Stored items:

[Start of section]

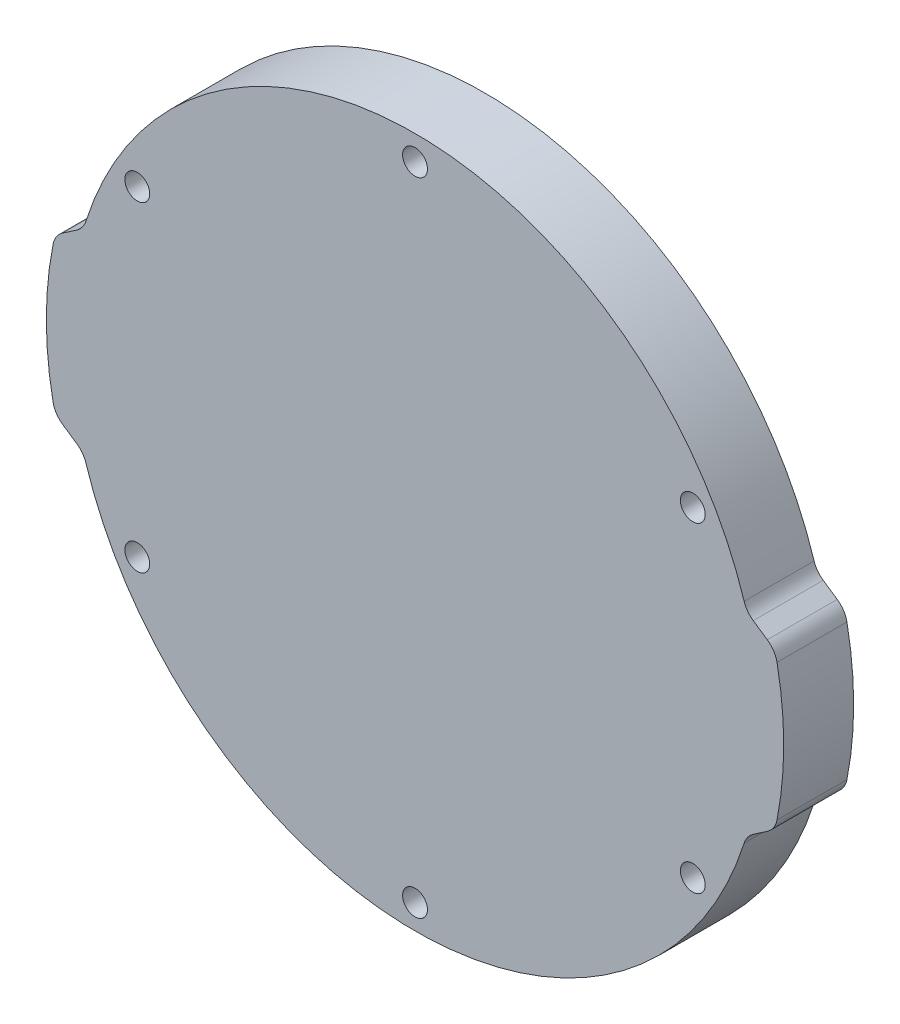
ISO-10303-21;
HEADER;
FILE_DESCRIPTION(('STEP AP214'),'2;1');
FILE_NAME('part.step','',(''),(''),'','','');
FILE_SCHEMA(('AUTOMOTIVE_DESIGN { 1 0 10303 214 1 1 1 1 }'));
ENDSEC;
DATA;
#1=APPLICATION_CONTEXT('core data for automotive mechanical design processes');
#2=APPLICATION_PROTOCOL_DEFINITION('international standard','automotive_design',2000,#1);
#3=PRODUCT_CONTEXT('',#1,'mechanical');
#4=PRODUCT('Part','Part','',(#3));
#5=PRODUCT_RELATED_PRODUCT_CATEGORY('part','',(#4));
#6=PRODUCT_DEFINITION_FORMATION('','',#4);
#7=PRODUCT_DEFINITION_CONTEXT('part definition',#1,'design');
#8=PRODUCT_DEFINITION('design','',#6,#7);
#9=PRODUCT_DEFINITION_SHAPE('','',#8);
#10=(LENGTH_UNIT() NAMED_UNIT(*) SI_UNIT(.MILLI.,.METRE.));
#11=(NAMED_UNIT(*) PLANE_ANGLE_UNIT() SI_UNIT($,.RADIAN.));
#12=(NAMED_UNIT(*) SI_UNIT($,.STERADIAN.) SOLID_ANGLE_UNIT());
#13=UNCERTAINTY_MEASURE_WITH_UNIT(LENGTH_MEASURE(1.E-05),#10,'distance_accuracy_value','');
#14=(GEOMETRIC_REPRESENTATION_CONTEXT(3) GLOBAL_UNCERTAINTY_ASSIGNED_CONTEXT((#13)) GLOBAL_UNIT_ASSIGNED_CONTEXT((#10,
#11,#12)) REPRESENTATION_CONTEXT('',''));
#15=CARTESIAN_POINT('',(0.,0.,0.));
#16=DIRECTION('',(0.,0.,1.));
#17=DIRECTION('',(1.,0.,0.));
#18=AXIS2_PLACEMENT_3D('',#15,#16,#17);
#19=CARTESIAN_POINT('',(2.45,0.,9.));
#20=DIRECTION('',(0.,0.,-1.));
#21=DIRECTION('',(-1.,0.,0.));
#22=AXIS2_PLACEMENT_3D('',#19,#20,#21);
#23=PLANE('',#22);
#24=CARTESIAN_POINT('',(5.11138805749817E-12,-41.2750000000005,9.));
#25=DIRECTION('',(0.,0.,1.));
#26=DIRECTION('',(1.,0.,0.));
#27=AXIS2_PLACEMENT_3D('',#24,#25,#26);
#28=CIRCLE('',#27,1.6);
#29=CARTESIAN_POINT('',(1.60000000000511,-41.2750000000005,9.));
#30=VERTEX_POINT('',#29);
#31=EDGE_CURVE('E643',#30,#30,#28,.T.);
#32=ORIENTED_EDGE('',*,*,#31,.F.);
#33=EDGE_LOOP('',(#32));
#34=FACE_BOUND('',#33,.T.);
#35=CARTESIAN_POINT('',(35.7451985412042,20.6375000000021,9.));
#36=DIRECTION('',(0.,0.,1.));
#37=DIRECTION('',(1.,0.,0.));
#38=AXIS2_PLACEMENT_3D('',#35,#36,#37);
#39=CIRCLE('',#38,1.59999999999999);
#40=CARTESIAN_POINT('',(37.3451985412042,20.6375000000021,9.));
#41=VERTEX_POINT('',#40);
#42=EDGE_CURVE('E629',#41,#41,#39,.T.);
#43=ORIENTED_EDGE('',*,*,#42,.F.);
#44=EDGE_LOOP('',(#43));
#45=FACE_BOUND('',#44,.T.);
#46=CARTESIAN_POINT('',(0.,41.275,9.));
#47=DIRECTION('',(0.,0.,1.));
#48=DIRECTION('',(1.,0.,0.));
#49=AXIS2_PLACEMENT_3D('',#46,#47,#48);
#50=CIRCLE('',#49,1.6);
#51=CARTESIAN_POINT('',(1.6,41.275,9.));
#52=VERTEX_POINT('',#51);
#53=EDGE_CURVE('E182',#52,#52,#50,.T.);
#54=ORIENTED_EDGE('',*,*,#53,.F.);
#55=EDGE_LOOP('',(#54));
#56=FACE_BOUND('',#55,.T.);
#57=DIRECTION('',(0.826366164777737,0.563133165166584,0.));
#58=VECTOR('',#57,1.);
#59=CARTESIAN_POINT('',(46.3248219369606,-10.,9.));
#60=LINE('',#59,#58);
#61=CARTESIAN_POINT('',(43.5274449449631,-11.9062926663889,9.));
#62=VERTEX_POINT('',#61);
#63=CARTESIAN_POINT('',(45.3315955176947,-10.6768412854351,9.));
#64=VERTEX_POINT('',#63);
#65=EDGE_CURVE('E195',#62,#64,#60,.T.);
#66=ORIENTED_EDGE('',*,*,#65,.T.);
#67=CARTESIAN_POINT('',(43.642196022195,-8.19774279110192,9.));
#68=DIRECTION('',(0.,0.,-1.));
#69=DIRECTION('',(-1.,0.,0.));
#70=AXIS2_PLACEMENT_3D('',#67,#68,#69);
#71=CIRCLE('',#70,3.);
#72=CARTESIAN_POINT('',(46.584495738066,-8.7832958476092,9.));
#73=VERTEX_POINT('',#72);
#74=EDGE_CURVE('E241',#64,#73,#71,.F.);
#75=ORIENTED_EDGE('',*,*,#74,.T.);
#76=CARTESIAN_POINT('',(2.45,0.,9.));
#77=DIRECTION('',(0.,0.,1.));
#78=DIRECTION('',(-1.,0.,0.));
#79=AXIS2_PLACEMENT_3D('',#76,#77,#78);
#80=CIRCLE('',#79,45.);
#81=CARTESIAN_POINT('',(46.584495738066,8.78329584760921,9.));
#82=VERTEX_POINT('',#81);
#83=EDGE_CURVE('E172',#73,#82,#80,.T.);
#84=ORIENTED_EDGE('',*,*,#83,.T.);
#85=CARTESIAN_POINT('',(43.642196022195,8.19774279110193,9.));
#86=DIRECTION('',(0.,0.,-1.));
#87=DIRECTION('',(-1.,0.,0.));
#88=AXIS2_PLACEMENT_3D('',#85,#86,#87);
#89=CIRCLE('',#88,3.);
#90=CARTESIAN_POINT('',(45.3315955176947,10.6768412854351,9.));
#91=VERTEX_POINT('',#90);
#92=EDGE_CURVE('E238',#82,#91,#89,.F.);
#93=ORIENTED_EDGE('',*,*,#92,.T.);
#94=DIRECTION('',(-0.826366164777736,0.563133165166585,0.));
#95=VECTOR('',#94,1.);
#96=CARTESIAN_POINT('',(46.3248219369606,10.,9.));
#97=LINE('',#96,#95);
#98=CARTESIAN_POINT('',(43.5274449449631,11.9062926663889,9.));
#99=VERTEX_POINT('',#98);
#100=EDGE_CURVE('E332',#91,#99,#97,.T.);
#101=ORIENTED_EDGE('',*,*,#100,.T.);
#102=CARTESIAN_POINT('',(45.2168444404629,14.3853911607221,9.));
#103=DIRECTION('',(0.,0.,-1.));
#104=DIRECTION('',(-1.,0.,0.));
#105=AXIS2_PLACEMENT_3D('',#102,#103,#104);
#106=CIRCLE('',#105,3.);
#107=CARTESIAN_POINT('',(42.3580344653019,13.4758827627839,9.));
#108=VERTEX_POINT('',#107);
#109=EDGE_CURVE('E288',#99,#108,#106,.T.);
#110=ORIENTED_EDGE('',*,*,#109,.T.);
#111=CARTESIAN_POINT('',(0.,0.,9.));
#112=DIRECTION('',(0.,0.,1.));
#113=DIRECTION('',(1.,0.,0.));
#114=AXIS2_PLACEMENT_3D('',#111,#112,#113);
#115=CIRCLE('',#114,44.45);
#116=CARTESIAN_POINT('',(-42.3580344653019,13.4758827627839,9.));
#117=VERTEX_POINT('',#116);
#118=EDGE_CURVE('E321',#108,#117,#115,.T.);
#119=ORIENTED_EDGE('',*,*,#118,.T.);
#120=CARTESIAN_POINT('',(-45.2168444404629,14.3853911607221,9.));
#121=DIRECTION('',(0.,0.,-1.));
#122=DIRECTION('',(-1.,0.,0.));
#123=AXIS2_PLACEMENT_3D('',#120,#121,#122);
#124=CIRCLE('',#123,3.);
#125=CARTESIAN_POINT('',(-43.5274449449631,11.9062926663889,9.));
#126=VERTEX_POINT('',#125);
#127=EDGE_CURVE('E11',#117,#126,#124,.T.);
#128=ORIENTED_EDGE('',*,*,#127,.T.);
#129=DIRECTION('',(-0.826366164777736,-0.563133165166585,0.));
#130=VECTOR('',#129,1.);
#131=CARTESIAN_POINT('',(-46.3248219369606,10.,9.));
#132=LINE('',#131,#130);
#133=CARTESIAN_POINT('',(-45.3315955176947,10.6768412854351,9.));
#134=VERTEX_POINT('',#133);
#135=EDGE_CURVE('E319',#126,#134,#132,.T.);
#136=ORIENTED_EDGE('',*,*,#135,.T.);
#137=CARTESIAN_POINT('',(-43.642196022195,8.19774279110193,9.));
#138=DIRECTION('',(0.,0.,-1.));
#139=DIRECTION('',(-1.,0.,0.));
#140=AXIS2_PLACEMENT_3D('',#137,#138,#139);
#141=CIRCLE('',#140,3.);
#142=CARTESIAN_POINT('',(-46.584495738066,8.78329584760921,9.));
#143=VERTEX_POINT('',#142);
#144=EDGE_CURVE('E232',#134,#143,#141,.F.);
#145=ORIENTED_EDGE('',*,*,#144,.T.);
#146=CARTESIAN_POINT('',(-2.45,0.,9.));
#147=DIRECTION('',(0.,0.,1.));
#148=DIRECTION('',(1.,0.,0.));
#149=AXIS2_PLACEMENT_3D('',#146,#147,#148);
#150=CIRCLE('',#149,45.);
#151=CARTESIAN_POINT('',(-46.584495738066,-8.78329584760921,9.));
#152=VERTEX_POINT('',#151);
#153=EDGE_CURVE('E325',#143,#152,#150,.T.);
#154=ORIENTED_EDGE('',*,*,#153,.T.);
#155=CARTESIAN_POINT('',(-43.642196022195,-8.19774279110193,9.));
#156=DIRECTION('',(0.,0.,-1.));
#157=DIRECTION('',(-1.,0.,0.));
#158=AXIS2_PLACEMENT_3D('',#155,#156,#157);
#159=CIRCLE('',#158,3.);
#160=CARTESIAN_POINT('',(-45.3315955176947,-10.6768412854351,9.));
#161=VERTEX_POINT('',#160);
#162=EDGE_CURVE('E235',#152,#161,#159,.F.);
#163=ORIENTED_EDGE('',*,*,#162,.T.);
#164=DIRECTION('',(0.826366164777736,-0.563133165166585,0.));
#165=VECTOR('',#164,1.);
#166=CARTESIAN_POINT('',(-46.3248219369606,-10.,9.));
#167=LINE('',#166,#165);
#168=CARTESIAN_POINT('',(-43.5274449449631,-11.9062926663889,9.));
#169=VERTEX_POINT('',#168);
#170=EDGE_CURVE('E329',#161,#169,#167,.T.);
#171=ORIENTED_EDGE('',*,*,#170,.T.);
#172=CARTESIAN_POINT('',(-45.2168444404629,-14.3853911607221,9.));
#173=DIRECTION('',(0.,0.,-1.));
#174=DIRECTION('',(-1.,0.,0.));
#175=AXIS2_PLACEMENT_3D('',#172,#173,#174);
#176=CIRCLE('',#175,3.);
#177=CARTESIAN_POINT('',(-42.3580344653019,-13.4758827627839,9.));
#178=VERTEX_POINT('',#177);
#179=EDGE_CURVE('E59',#169,#178,#176,.T.);
#180=ORIENTED_EDGE('',*,*,#179,.T.);
#181=CARTESIAN_POINT('',(0.,0.,9.));
#182=DIRECTION('',(0.,0.,1.));
#183=DIRECTION('',(1.,0.,0.));
#184=AXIS2_PLACEMENT_3D('',#181,#182,#183);
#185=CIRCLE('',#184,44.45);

[End of section]

What needs to be done
The reply should hold the lines from the top of the records through the line containing "#4=PRODUCT('Part','Part','',(#3));", reproduced exactly, and no pictures.

Answer box
ISO-10303-21;
HEADER;
FILE_DESCRIPTION(('STEP AP214'),'2;1');
FILE_NAME('part.step','',(''),(''),'','','');
FILE_SCHEMA(('AUTOMOTIVE_DESIGN { 1 0 10303 214 1 1 1 1 }'));
ENDSEC;
DATA;
#1=APPLICATION_CONTEXT('core data for automotive mechanical design processes');
#2=APPLICATION_PROTOCOL_DEFINITION('international standard','automotive_design',2000,#1);
#3=PRODUCT_CONTEXT('',#1,'mechanical');
#4=PRODUCT('Part','Part','',(#3));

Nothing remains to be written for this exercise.